The district court appointed Dianne Rosell to represent Boatwright in the two new cases. On December 3, 2014, Rosell met with Boatwright for the first time to discuss a plea offer and to gain more information from Boatwright regarding the details of his cases. The meeting lasted about 15 minutes. Rosell and Boatwright met in a private room in the professional visitation area of the jail. As was her practice for her own safety, Rosell left the door cracked during their meeting. Boatwright indicated that he was not

3 interested in accepting the plea offer; rather, he wanted to get his property back from D.T. and to see her in person. Rosell told Boatwright that he was not allowed to see D.T. because of the no contact order and that there were other ways to get his property back without D.T. being present. Boatwright became upset with Rosell after her response and said he wanted a new attorney. Rosell responded, "Fine, file a motion." The conversation ended when Boatwright left the professional visitation area.

On January 8, 2015, after not receiving a motion for new counsel, Rosell again met with Boatwright in the professional visitation area to once again discuss the plea offer in the cases. This meeting lasted approximately 10 minutes. Boatwright again rejected the plea offer and emphasized that he wanted to get his property from D.T. and that he wanted D.T. to be present when he did so. Rosell again informed Boatwright he was not allowed to see the victim. Boatwright became very upset during this conversation and commented, "[D.T.'s] robbing me of my stuff, the State's robbing me of my stuff, so I'm going to get my stuff, and I'm going to kill her." Boatwright again indicated he was unhappy with Rosell's representation. The conversation ended shortly after Boatwright's above statements.

After this meeting, Rosell spoke with her supervisor about her ethical obligations after Boatwright's statement to her, and her supervisor directed her to inquire of the Disciplinary Administrator. Rosell proposed a hypothetical scenario based on the facts of the incident to the Disciplinary Administrator, who cleared her to make a report to law enforcement under the Kansas Rules of Professional Conduct (KRPC). Rosell reported Boatwright's statements to the Sedgwick County Sheriff's Office and withdrew from his cases. Boatwright was eventually acquitted of these two charges at trial.

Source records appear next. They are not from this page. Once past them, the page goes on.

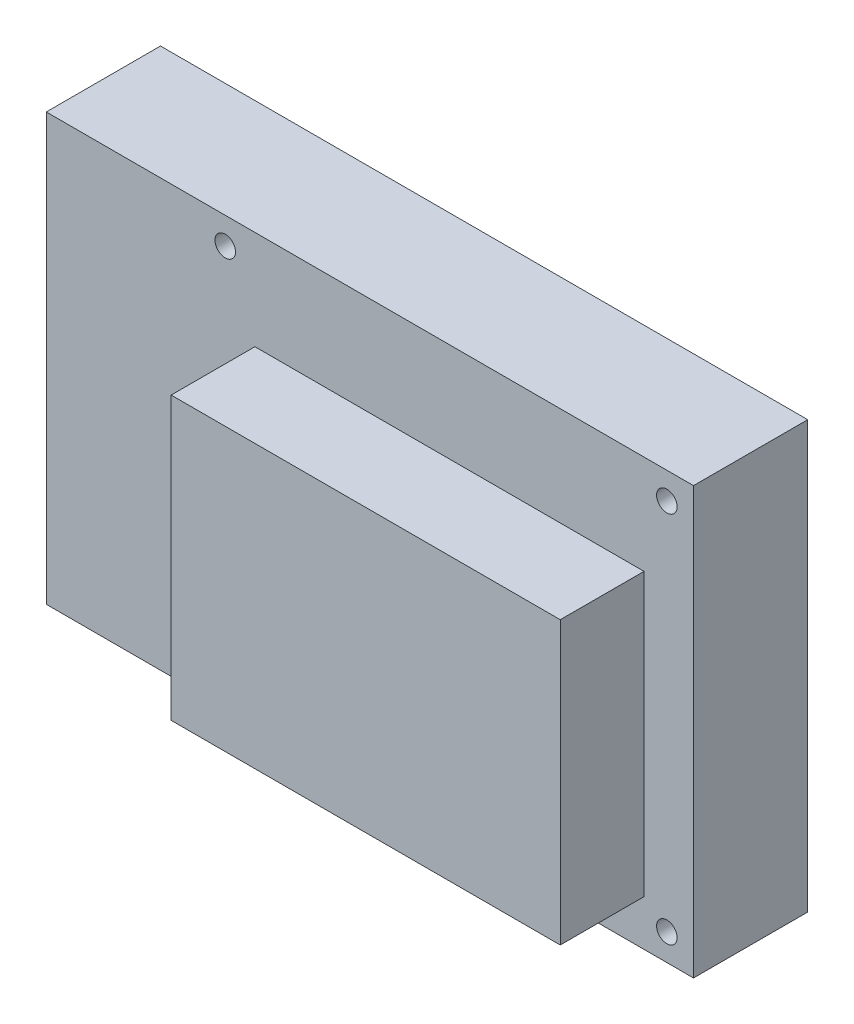
from build123d import *

# Parameters (mm, degrees)
SKETCH_1_W      = 85
SKETCH_1_H      = 56
SKETCH_1_R      = 1.35
EXTRUDE_1_DEPTH = 15
SKETCH_2_W      = 51.1
SKETCH_2_H      = 37
EXTRUDE_2_DEPTH = 11


with BuildPart() as part:
    # 草图1 → 凸台-拉伸1 (new body)
    with BuildSketch(Plane.XY):
        with Locations((-42.5, 28)):
            Rectangle(SKETCH_1_W, SKETCH_1_H)
        with Locations((-3.5, 52.5)):
            Circle(SKETCH_1_R, mode=Mode.SUBTRACT)
        with Locations((-3.5, 3.5)):
            Circle(SKETCH_1_R, mode=Mode.SUBTRACT)
        with Locations((-61.5, 3.5)):
            Circle(SKETCH_1_R, mode=Mode.SUBTRACT)
        with Locations((-61.5, 52.5)):
            Circle(SKETCH_1_R, mode=Mode.SUBTRACT)
    extrude(amount=EXTRUDE_1_DEPTH)

    # 草图2 → 凸台-拉伸2 (add)
    with BuildSketch(Plane.XY.offset(15)):
        with Locations((-32.05, 24.5)):
            Rectangle(SKETCH_2_W, SKETCH_2_H)
    extrude(amount=EXTRUDE_2_DEPTH)


solid = part.part
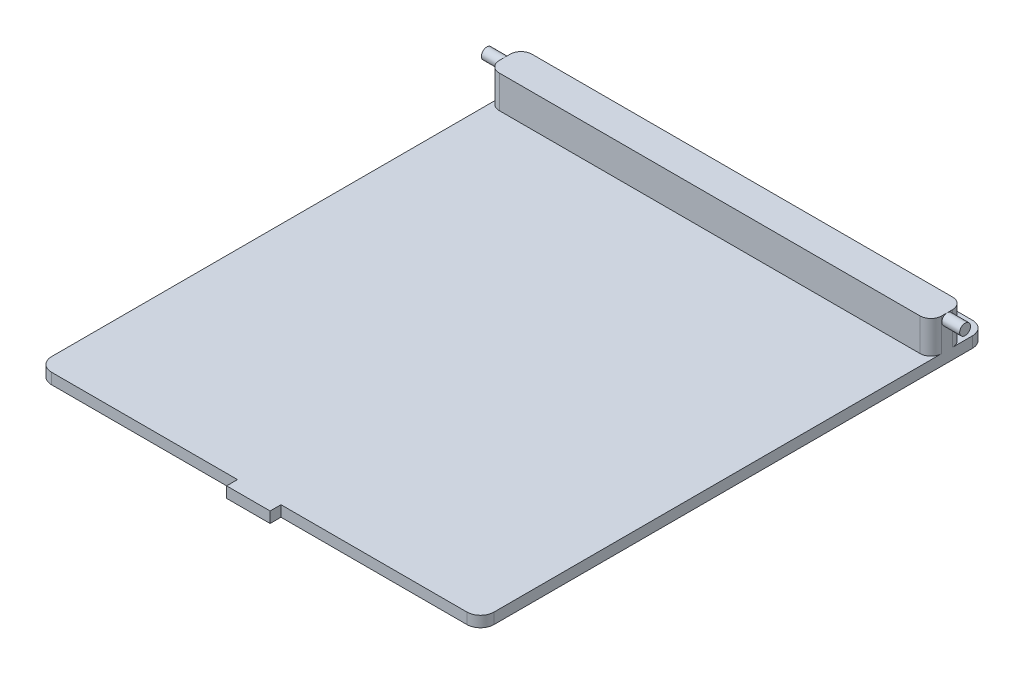
from build123d import *

# Parameters (mm, degrees)
SKETCH1_W           = 81.4
SKETCH1_H           = 6
BOSS_EXTRUDE1_DEPTH = 3
FILLET1_R           = 2
SKETCH2_R           = 1
BOSS_EXTRUDE2_DEPTH = 44
SKETCH3_W           = 81.4
SKETCH3_H           = 93
BOSS_EXTRUDE3_DEPTH = 2
FILLET2_R           = 2.5
SKETCH4_W           = 8
SKETCH4_H           = 4
BOSS_EXTRUDE4_DEPTH = 2


with BuildPart() as part:
    # Sketch1 → Boss-Extrude1 (new, symmetric)
    with BuildSketch(Plane(origin=(0, 0, 0), x_dir=(1, 0, 0), z_dir=(0, 1, 0))):
        Rectangle(SKETCH1_W, SKETCH1_H)
    extrude(amount=BOSS_EXTRUDE1_DEPTH, both=True)

    # Fillet1
    fillet1_edges = [part.edges().sort_by_distance(p)[0] for p in [
        (-40.7, 0, -3),
        (40.7, 0, -3),
        (40.7, 0, 3),
        (-40.7, 0, 3),
    ]]
    fillet(fillet1_edges, radius=FILLET1_R)

    # Sketch2 → Boss-Extrude2 (add, symmetric)
    with BuildSketch(Plane(origin=(0, 0, 0), x_dir=(0, 0, -1), z_dir=(1, 0, 0))):
        with Locations((0, 2)):
            Circle(SKETCH2_R)
    extrude(amount=BOSS_EXTRUDE2_DEPTH, both=True)

    # Sketch3 → Boss-Extrude3 (add)
    with BuildSketch(Plane.XZ.offset(3)):
        with Locations((0, 39.36)):
            Rectangle(SKETCH3_W, SKETCH3_H)
    extrude(amount=BOSS_EXTRUDE3_DEPTH)

    # Fillet2
    fillet2_edges = [part.edges().sort_by_distance(p)[0] for p in [
        (40.7, -4, -7.14),
        (40.7, -4, 85.86),
        (-40.7, -4, 85.86),
        (-40.7, -4, -7.14),
    ]]
    fillet(fillet2_edges, radius=FILLET2_R)

    # Sketch4 → Boss-Extrude4 (add)
    with BuildSketch(Plane.XZ.offset(5)):
        with Locations((0, 85.86)):
            Rectangle(SKETCH4_W, SKETCH4_H)
    extrude(amount=-BOSS_EXTRUDE4_DEPTH)


solid = part.part

As a result of Rosell's report, the State charged Boatwright with one count of criminal threat, and the case proceeded to trial. A jury convicted Boatwright of criminal threat, and the district court sentenced him to 13 months' imprisonment.

4 Boatwright timely appeals.

DID THE DISTRICT COURT ERR IN ADMITTING ROSELL'S TESTIMONY AGAINST HER FORMER CLIENT?

On appeal, Boatwright makes numerous allegations of error on the part of the district court. However, his principal contention of error, which we address first because it is dispositive, is that the attorney-client privilege prohibited the admission of his statement to Rosell threatening to kill his ex-fiancée. Because resolving this issue requires the application of the statutory rules of evidence, our review is de novo. See State v. Collins, 303 Kan. 472, 473-74, 362 P.3d 1098 (2015).